- Opening Delimiter -

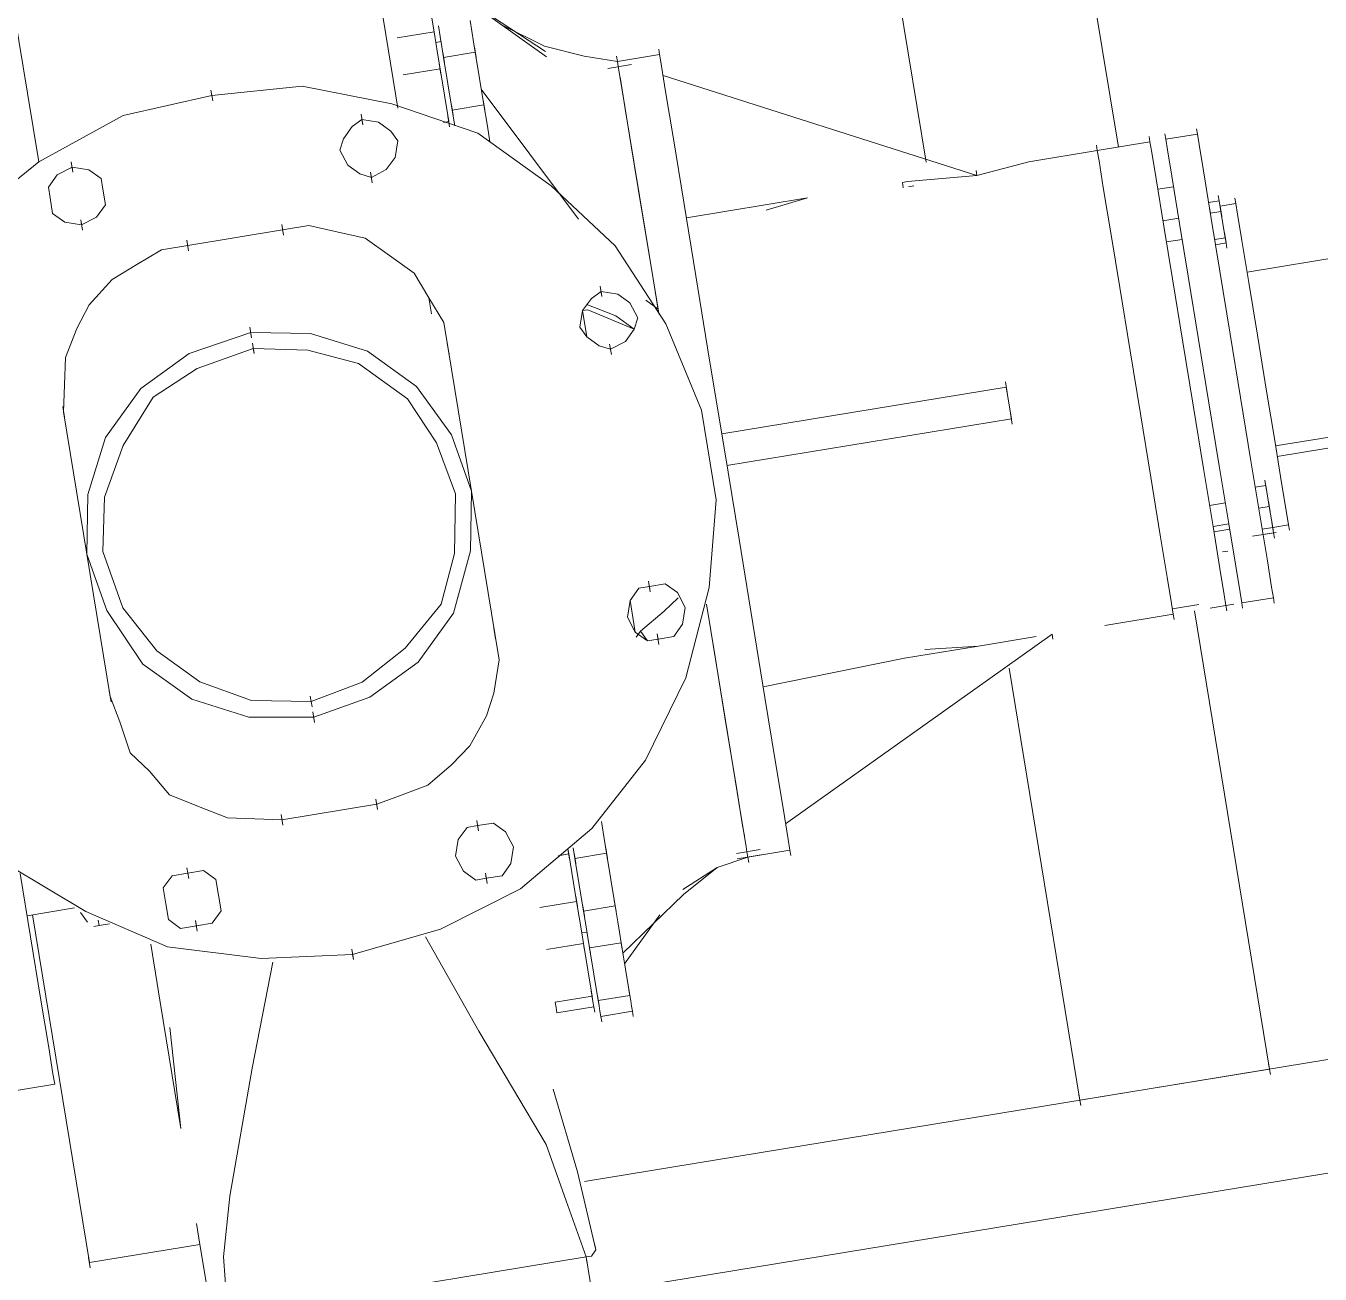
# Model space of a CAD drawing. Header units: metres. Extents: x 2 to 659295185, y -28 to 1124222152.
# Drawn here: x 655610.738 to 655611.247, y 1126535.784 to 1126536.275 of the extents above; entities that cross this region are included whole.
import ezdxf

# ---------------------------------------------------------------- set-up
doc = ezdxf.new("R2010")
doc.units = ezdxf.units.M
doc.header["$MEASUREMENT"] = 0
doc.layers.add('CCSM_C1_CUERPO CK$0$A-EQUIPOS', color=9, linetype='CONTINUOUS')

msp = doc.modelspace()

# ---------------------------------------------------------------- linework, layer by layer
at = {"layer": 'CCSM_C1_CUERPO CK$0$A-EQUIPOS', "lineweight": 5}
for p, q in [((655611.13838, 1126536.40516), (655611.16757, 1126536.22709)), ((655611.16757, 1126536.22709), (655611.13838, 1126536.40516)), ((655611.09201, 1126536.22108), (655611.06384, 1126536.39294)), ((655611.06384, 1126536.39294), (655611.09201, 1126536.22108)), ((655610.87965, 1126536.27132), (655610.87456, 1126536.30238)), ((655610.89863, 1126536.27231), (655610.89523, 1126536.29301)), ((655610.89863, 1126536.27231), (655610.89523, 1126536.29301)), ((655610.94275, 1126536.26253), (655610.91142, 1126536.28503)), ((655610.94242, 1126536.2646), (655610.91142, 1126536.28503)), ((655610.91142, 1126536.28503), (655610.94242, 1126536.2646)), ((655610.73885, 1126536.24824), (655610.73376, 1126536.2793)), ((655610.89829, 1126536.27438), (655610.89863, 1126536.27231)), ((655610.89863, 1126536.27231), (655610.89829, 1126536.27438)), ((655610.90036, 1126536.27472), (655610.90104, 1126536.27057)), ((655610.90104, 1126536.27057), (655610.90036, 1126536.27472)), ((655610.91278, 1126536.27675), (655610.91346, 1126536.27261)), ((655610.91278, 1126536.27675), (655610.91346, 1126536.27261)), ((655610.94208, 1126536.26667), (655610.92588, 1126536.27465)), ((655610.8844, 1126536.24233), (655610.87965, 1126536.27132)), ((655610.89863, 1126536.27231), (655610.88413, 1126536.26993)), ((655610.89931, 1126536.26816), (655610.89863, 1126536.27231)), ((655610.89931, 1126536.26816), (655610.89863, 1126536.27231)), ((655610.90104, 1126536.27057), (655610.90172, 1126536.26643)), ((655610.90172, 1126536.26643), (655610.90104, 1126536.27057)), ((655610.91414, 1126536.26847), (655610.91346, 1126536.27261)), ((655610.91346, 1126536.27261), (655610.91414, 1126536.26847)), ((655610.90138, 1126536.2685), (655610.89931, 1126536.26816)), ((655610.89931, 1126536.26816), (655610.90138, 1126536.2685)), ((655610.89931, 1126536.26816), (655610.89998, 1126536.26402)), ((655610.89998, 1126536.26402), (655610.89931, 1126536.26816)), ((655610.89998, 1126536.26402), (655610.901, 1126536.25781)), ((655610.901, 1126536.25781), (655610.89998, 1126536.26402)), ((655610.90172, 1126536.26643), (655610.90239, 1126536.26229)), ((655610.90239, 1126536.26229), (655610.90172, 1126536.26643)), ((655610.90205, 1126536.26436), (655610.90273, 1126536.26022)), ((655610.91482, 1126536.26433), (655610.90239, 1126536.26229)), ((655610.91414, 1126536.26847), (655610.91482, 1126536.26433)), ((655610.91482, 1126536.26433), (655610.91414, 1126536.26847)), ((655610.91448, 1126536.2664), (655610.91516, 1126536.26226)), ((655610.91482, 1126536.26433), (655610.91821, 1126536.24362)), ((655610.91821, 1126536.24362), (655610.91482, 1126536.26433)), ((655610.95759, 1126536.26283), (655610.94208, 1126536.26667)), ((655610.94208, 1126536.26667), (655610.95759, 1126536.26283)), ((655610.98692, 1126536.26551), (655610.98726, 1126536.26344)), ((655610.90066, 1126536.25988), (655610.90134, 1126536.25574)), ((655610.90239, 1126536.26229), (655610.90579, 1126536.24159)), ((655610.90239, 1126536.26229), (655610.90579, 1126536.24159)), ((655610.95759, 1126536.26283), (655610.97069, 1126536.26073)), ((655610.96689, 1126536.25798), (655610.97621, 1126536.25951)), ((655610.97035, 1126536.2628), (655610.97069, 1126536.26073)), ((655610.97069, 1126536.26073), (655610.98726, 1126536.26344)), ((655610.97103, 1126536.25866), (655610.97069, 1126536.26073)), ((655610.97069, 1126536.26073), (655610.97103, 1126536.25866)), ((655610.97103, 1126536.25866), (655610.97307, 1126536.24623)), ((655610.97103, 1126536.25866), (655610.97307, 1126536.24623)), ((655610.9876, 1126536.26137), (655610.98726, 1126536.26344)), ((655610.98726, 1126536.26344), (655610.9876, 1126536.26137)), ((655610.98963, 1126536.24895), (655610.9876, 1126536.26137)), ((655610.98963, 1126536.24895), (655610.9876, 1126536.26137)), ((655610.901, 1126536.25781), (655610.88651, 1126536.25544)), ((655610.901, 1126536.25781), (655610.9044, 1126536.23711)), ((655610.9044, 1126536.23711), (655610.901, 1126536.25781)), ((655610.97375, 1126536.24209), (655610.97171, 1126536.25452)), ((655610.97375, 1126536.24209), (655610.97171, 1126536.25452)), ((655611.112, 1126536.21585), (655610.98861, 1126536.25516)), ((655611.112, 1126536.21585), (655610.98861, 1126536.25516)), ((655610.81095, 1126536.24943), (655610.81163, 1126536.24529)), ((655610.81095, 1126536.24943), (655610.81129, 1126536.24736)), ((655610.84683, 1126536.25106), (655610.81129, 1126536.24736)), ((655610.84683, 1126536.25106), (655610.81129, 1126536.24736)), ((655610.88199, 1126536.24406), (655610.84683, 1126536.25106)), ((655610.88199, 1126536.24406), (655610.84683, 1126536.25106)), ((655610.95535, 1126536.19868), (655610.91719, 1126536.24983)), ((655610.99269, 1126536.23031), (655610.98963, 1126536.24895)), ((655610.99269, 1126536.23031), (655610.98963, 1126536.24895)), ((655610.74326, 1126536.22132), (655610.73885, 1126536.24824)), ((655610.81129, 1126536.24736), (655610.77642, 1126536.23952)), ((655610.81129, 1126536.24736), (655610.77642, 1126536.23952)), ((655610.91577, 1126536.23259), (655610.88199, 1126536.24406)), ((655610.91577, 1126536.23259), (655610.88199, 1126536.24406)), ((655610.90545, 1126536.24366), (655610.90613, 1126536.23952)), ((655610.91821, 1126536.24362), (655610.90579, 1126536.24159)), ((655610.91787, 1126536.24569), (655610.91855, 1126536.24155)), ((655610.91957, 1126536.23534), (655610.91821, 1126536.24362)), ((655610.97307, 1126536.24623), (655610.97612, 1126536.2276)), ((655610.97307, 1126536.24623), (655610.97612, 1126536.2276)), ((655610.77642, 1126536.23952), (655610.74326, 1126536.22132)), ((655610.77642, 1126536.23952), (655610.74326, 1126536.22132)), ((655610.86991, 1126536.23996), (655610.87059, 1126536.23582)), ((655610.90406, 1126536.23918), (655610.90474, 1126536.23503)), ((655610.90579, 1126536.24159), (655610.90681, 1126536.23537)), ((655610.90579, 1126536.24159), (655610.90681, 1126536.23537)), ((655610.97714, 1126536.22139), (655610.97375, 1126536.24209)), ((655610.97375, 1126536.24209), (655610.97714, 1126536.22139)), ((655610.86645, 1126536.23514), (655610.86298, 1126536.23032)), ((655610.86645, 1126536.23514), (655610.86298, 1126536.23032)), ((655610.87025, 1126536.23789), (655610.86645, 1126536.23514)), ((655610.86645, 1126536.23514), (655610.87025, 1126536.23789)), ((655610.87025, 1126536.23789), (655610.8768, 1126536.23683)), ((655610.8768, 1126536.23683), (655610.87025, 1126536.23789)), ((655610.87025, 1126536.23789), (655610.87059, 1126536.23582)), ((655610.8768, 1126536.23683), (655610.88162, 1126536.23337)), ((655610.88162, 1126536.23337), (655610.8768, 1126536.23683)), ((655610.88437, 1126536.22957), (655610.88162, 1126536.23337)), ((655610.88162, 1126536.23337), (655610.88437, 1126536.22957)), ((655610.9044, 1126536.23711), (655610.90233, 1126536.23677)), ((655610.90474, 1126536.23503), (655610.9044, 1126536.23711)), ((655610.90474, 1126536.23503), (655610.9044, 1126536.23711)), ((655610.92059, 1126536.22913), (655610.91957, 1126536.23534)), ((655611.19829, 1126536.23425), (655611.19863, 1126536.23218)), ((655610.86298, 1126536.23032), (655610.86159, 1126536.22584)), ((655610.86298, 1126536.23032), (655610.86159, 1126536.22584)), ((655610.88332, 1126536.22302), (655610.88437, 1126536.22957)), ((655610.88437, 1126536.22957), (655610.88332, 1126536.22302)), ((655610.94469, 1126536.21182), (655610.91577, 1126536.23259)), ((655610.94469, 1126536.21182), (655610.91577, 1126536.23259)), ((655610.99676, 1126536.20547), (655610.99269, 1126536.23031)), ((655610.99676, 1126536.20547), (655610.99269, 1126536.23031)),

- Closing Delimiter -

--- What to work on ---
In the records above, some lines hold the word "EQUIPOS". Say how many, and nothing more.

--- Your solution ---
2